> REQUIRED WORK:
Your answer should hold only the lines from the start of the data below through the line with "pattern=[0.35, 0.25, -0.1])", copied exactly, with pictures left out.

> THE INPUT:
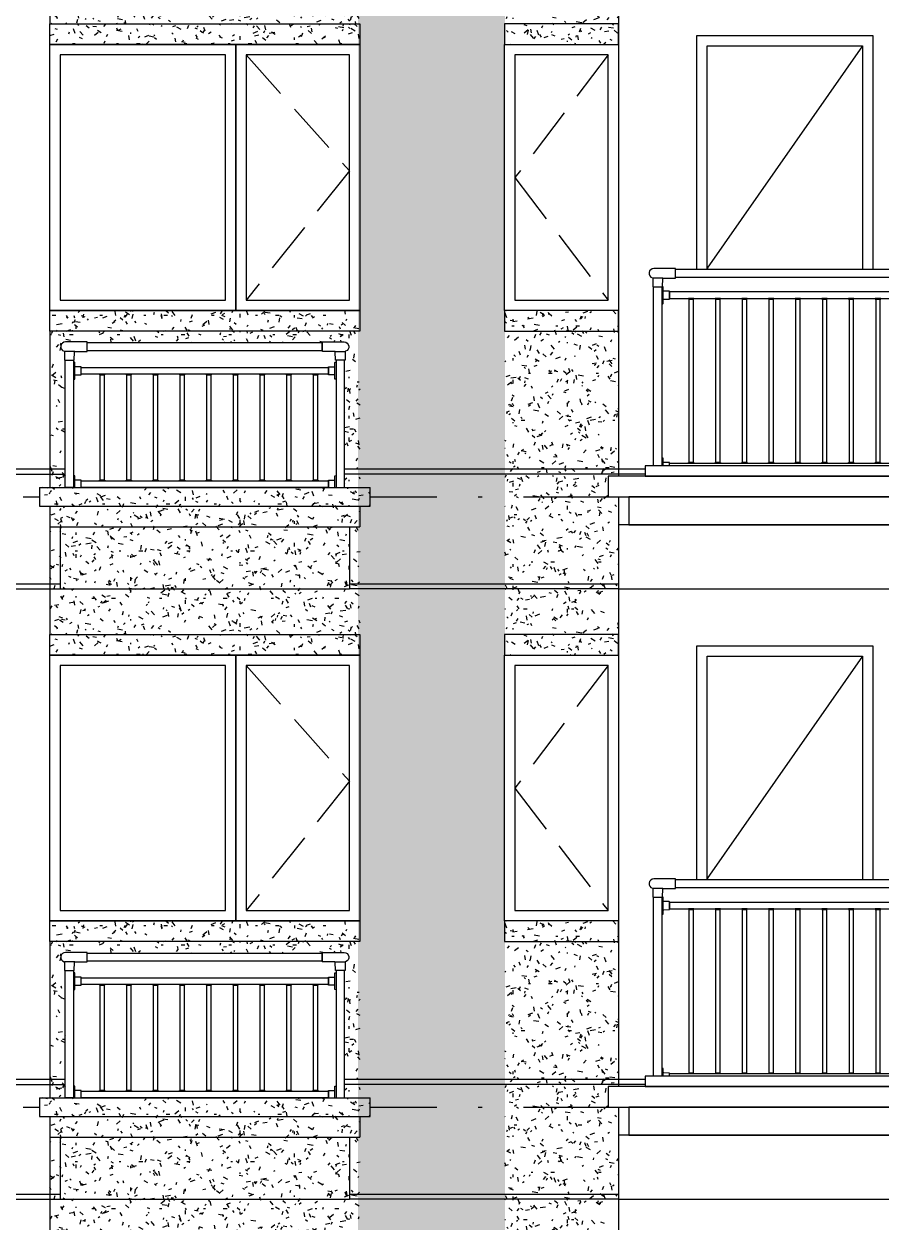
# Model space of a CAD drawing. Extents: x -12446 to 284554, y -295110 to 165007.
# Drawn here: x 4129 to 8274, y -235309 to -229519 of the extents above; entities that cross this region are included whole.
import ezdxf

# ---------------------------------------------------------------- set-up
doc = ezdxf.new("R2010")
doc.units = 0
doc.header["$LTSCALE"] = 1000
doc.linetypes.add('AX-14-E$0$AX-85-M02$0$DASH', pattern=[0.35, 0.25, -0.1])
doc.linetypes.add('AX-14-E$0$DOTE', pattern=[2.42, 2, -0.2, 0.02, -0.2])
doc.layers.get('0').update_dxf_attribs({"linetype": 'CONTINUOUS'})
for name, color, linetype in [('A-Anno-Note', 241, 'CONTINUOUS'), ('AX-14-comp-tc$0$AX-T-LMCZ-Z$0$AX-13-E01-E03$0$A-Detl-Patt', 8, 'CONTINUOUS'), ('AX-14-comp-tc$0$灰褐色真石漆', 15, 'CONTINUOUS'), ('AX-14-E$0$A-Detl-Fine', 152, 'CONTINUOUS'), ('AX-14-E$0$A-Detl-Patt', 8, 'CONTINUOUS'), ('AX-14-E$0$A-Detl-Thin', 131, 'CONTINUOUS'), ('AX-14-E$0$A-elev-FIXT', 9, 'CONTINUOUS'), ('AX-14-E$0$A-elev-HRAL', 61, 'CONTINUOUS'), ('AX-14-E$0$栏杆型材', 82, 'CONTINUOUS'), ('AX-14-E$0$阳台栏杆扶手', 82, 'CONTINUOUS')]:
    doc.layers.add(name, color=color, linetype=linetype)
doc.layers.add('AX-14-E$0$A-Grid', color=222, linetype='AX-14-E$0$DOTE', plot=False)

# ---------------------------------------------------------------- blocks, each defined once
blk = doc.blocks.new('AX-14-E$0$4080转角立图')
at = {"layer": 'AX-14-E$0$A-elev-FIXT', "linetype": 'Continuous'}
blk.add_line((25.6, 42), (-24.3, 42), dxfattribs=at)
blk.add_lwpolyline([(-25.3, 43, -0.327139), (-24.2, 41.5), (-23.5, 0), (23.5, 0), (24.2, 40.5, -0.409111), (25.7, 42), (85.3, 42, 0.414214), (86.8, 43.5), (86.8, 86.5, 0.414214), (85.3, 88), (-18.8, 88, 0.865157)], format="xyb", close=True, dxfattribs=at)
blk = doc.blocks.new('AX-14-E$0$32固定座立面')
at = {"layer": 'AX-14-E$0$栏杆型材', "color": 6, "linetype": 'Continuous'}
blk.add_line((-7, -22.5), (-7, 22.5), dxfattribs=at)
blk.add_lwpolyline([(-7, -22.5, 0.41166), (-10, -19.5), (-36, -19.3, -0.41166), (-37, -18.3), (-37, 18.3, -0.41166), (-36, 19.3), (-10, 19.5, 0.41166), (-7, 22.5), (-7, 39, -0.41166), (-5, 41), (0, 41.1), (0, -41.1), (-5, -41, -0.41166), (-7, -39)], format="xyb", close=True, dxfattribs=at)
blk = doc.blocks.new('*U339')
at = {"layer": 'AX-14-E$0$A-elev-HRAL', "ltscale": 10}
for points in [[(-12.5, 398, 0.414214), (-13, 397.5), (-13, 395.5, 0.414214), (-12.5, 395), (12.5, 395, 0.414214), (13, 395.5), (13, 397.5, 0.414214), (12.5, 398)], [(-12.5, -398, -0.414214), (-13, -397.5), (-13, -395.5, -0.414214), (-12.5, -395), (12.5, -395, -0.414214), (13, -395.5), (13, -397.5, -0.414214), (12.5, -398)]]:
    blk.add_lwpolyline(points, format="xyb", close=True, dxfattribs=at)
blk.add_lwpolyline([(9.5, -395), (-9.5, -395), (-9.5, 395), (9.5, 395)], close=True, dxfattribs=at)
blk = doc.blocks.new('AX-14-E$0$BEIKAICHANGYANGTAI2')
at = {"layer": 'AX-14-E$0$A-Detl-Fine', "elevation": 0}
blk.add_lwpolyline([(67418.8, 136189.5), (67418.8, 137269.5), (68168.8, 137269.5), (68168.8, 136189.5)], dxfattribs=at)
at = {"layer": 'AX-14-E$0$A-Detl-Patt', "elevation": 0}
blk.add_lwpolyline([(68168.8, 137269.5), (67418.8, 136194.5), (67422.3, 136189.5)], dxfattribs=at)
at = {"layer": 'AX-14-E$0$A-Detl-Thin', "elevation": 0}
for points in [[(67368.8, 136189.5), (67368.8, 137319.5), (68218.8, 137319.5), (68218.8, 136189.5)], [(68388.9, 135239.5), (67118.8, 135239.5), (67118.8, 135189.5), (68388.9, 135189.5)], [(68388.9, 135189.5), (66938.9, 135189.5), (66938.9, 135089.5), (68388.9, 135089.5)], [(68388.9, 135089.5), (67038.9, 135089.5), (67038.9, 134954.5), (68388.9, 134954.5)], [(68388.9, 134954.5), (66988.9, 134954.5), (66988.9, 134644.5), (68388.9, 134644.5)]]:
    blk.add_lwpolyline(points, dxfattribs=at)
at = {"layer": 'AX-14-E$0$栏杆型材', "color": 6, "linetype": 'Continuous'}
blk.add_line((67205.9, 135239.5, 0), (67205.9, 135258, 0), dxfattribs=at)
at = {"layer": 'AX-14-E$0$栏杆型材', "elevation": 0}
for points in [[(67158.9, 135239.5), (67158.9, 136104.5), (67198.9, 136104.5), (67198.9, 135239.5)], [(68388.9, 136079.5), (67235.9, 136079.5), (67235.9, 136047.5), (68388.9, 136047.5)], [(67235.9, 135240.6), (67235.9, 135252.6), (68388.9, 135251.7)], [(67198.9, 135189.5), (67158.9, 135189.5)], [(67761.4, 135189.5), (67721.4, 135189.5)]]:
    blk.add_lwpolyline(points, dxfattribs=at)
at = {"layer": 'AX-14-E$0$栏杆型材', "color": 6, "linetype": 'Continuous', "elevation": 0}
blk.add_lwpolyline([(67235.9, 135239.5), (67235.9, 135253.7, 0.41166), (67235, 135254.7), (67208.9, 135255, -0.41166), (67205.9, 135258), (67205.9, 135274.5, 0.41166), (67204, 135276.5), (67198.9, 135276.6), (67198.9, 135239.5)], format="xyb", dxfattribs=at)
at = {"layer": 'AX-14-E$0$阳台栏杆扶手', "elevation": 0}
blk.add_lwpolyline([(68388.9, 136149.5), (67265.7, 136149.5), (67265.7, 136189.5), (68388.9, 136189.5)], dxfattribs=at)
at = {"color": 0, "linetype": 'ByBlock', "lineweight": -2}
for p in [(67341.2, 135649.5, 0), (67470.2, 135649.5, 0), (67599.2, 135649.5, 0), (67728.2, 135649.5, 0), (67857.2, 135649.5, 0), (67986.2, 135649.5, 0), (68115.2, 135649.5, 0), (68244.2, 135649.5, 0), (68373.2, 135649.5, 0)]:
    blk.add_blockref('*U339', p, dxfattribs=at)
at = {"layer": 'AX-14-E$0$A-elev-HRAL'}
blk.add_blockref('AX-14-E$0$4080转角立图', (67178.9, 136104.5, 0), dxfattribs=at)
at = {"layer": 'AX-14-E$0$A-elev-HRAL', "extrusion": (0, 0, -1), "zscale": -1}
blk.add_blockref('AX-14-E$0$32固定座立面', (-67198.9, 136063.5, 0), dxfattribs=at)
blk = doc.blocks.new('AX-14-E$0$A$C4D5E14F1')
at = {"layer": 'AX-14-E$0$A-Detl-Fine'}
for points in [[(3150, 2900), (2350, 2900), (2350, 1715), (3150, 1715)], [(3750, 2900), (3250, 2900), (3250, 1715), (3750, 1715)], [(5000, 2900), (4550, 2900), (4550, 1715), (5000, 1715)]]:
    blk.add_lwpolyline(points, close=True, dxfattribs=at)
at = {"layer": 'AX-14-E$0$A-Detl-Patt', "linetype": 'AX-14-E$0$AX-85-M02$0$DASH'}
for points in [[(3250, 2900), (3750, 2340), (3250, 1715)], [(5000, 2900), (4550, 2307.5), (5000, 1715)]]:
    blk.add_lwpolyline(points, dxfattribs=at)
at = {"layer": 'AX-14-E$0$A-Detl-Thin'}
for points in [[(2300, 3050), (3800, 3050), (3800, 2950), (2300, 2950)], [(2300, 2950), (3800, 2950), (3800, 1665), (2300, 1665)], [(3200, 2950), (3200, 1665)], [(4500, 2950), (5050, 2950), (5050, 1665), (4500, 1665)], [(2300, 1665), (3800, 1665), (3800, 1565), (2300, 1565)]]:
    blk.add_lwpolyline(points, close=True, dxfattribs=at)
for points in [[(4500, 3050), (4500, 2950), (5050, 2950), (5050, 3050), (4500, 3050)], [(4500, 1665), (4500, 1565), (5050, 1565), (5050, 1665), (4500, 1665)], [(2350, 620), (3800, 620)], [(3750, 620), (3750, 320)], [(2350, 320), (3750, 320)]]:
    blk.add_lwpolyline(points, dxfattribs=at)
at = {"layer": 'AX-14-E$0$A-elev-HRAL', "ltscale": 10}
for points in [[(2541, 1358, 0.414214), (2540.5, 1357.5), (2540.5, 1355.5, 0.414214), (2541, 1355), (2566, 1355, 0.414214), (2566.5, 1355.5), (2566.5, 1357.5, 0.414214), (2566, 1358)], [(2670, 1358, 0.414214), (2669.5, 1357.5), (2669.5, 1355.5, 0.414214), (2670, 1355), (2695, 1355, 0.414214), (2695.5, 1355.5), (2695.5, 1357.5, 0.414214), (2695, 1358)], [(2799, 1358, 0.414214), (2798.5, 1357.5), (2798.5, 1355.5, 0.414214), (2799, 1355), (2824, 1355, 0.414214), (2824.5, 1355.5), (2824.5, 1357.5, 0.414214), (2824, 1358)], [(2928, 1358, 0.414214), (2927.5, 1357.5), (2927.5, 1355.5, 0.414214), (2928, 1355), (2953, 1355, 0.414214), (2953.5, 1355.5), (2953.5, 1357.5, 0.414214), (2953, 1358)], [(3057, 1358, 0.414214), (3056.5, 1357.5), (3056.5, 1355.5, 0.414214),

> SOLUTION FOR THIS TASK:
# Model space of a CAD drawing. Extents: x -12446 to 284554, y -295110 to 165007.
# Drawn here: x 4129 to 8274, y -235309 to -229519 of the extents above; entities that cross this region are included whole.
import ezdxf

# ---------------------------------------------------------------- set-up
doc = ezdxf.new("R2010")
doc.units = 0
doc.header["$LTSCALE"] = 1000
doc.linetypes.add('AX-14-E$0$AX-85-M02$0$DASH', pattern=[0.35, 0.25, -0.1])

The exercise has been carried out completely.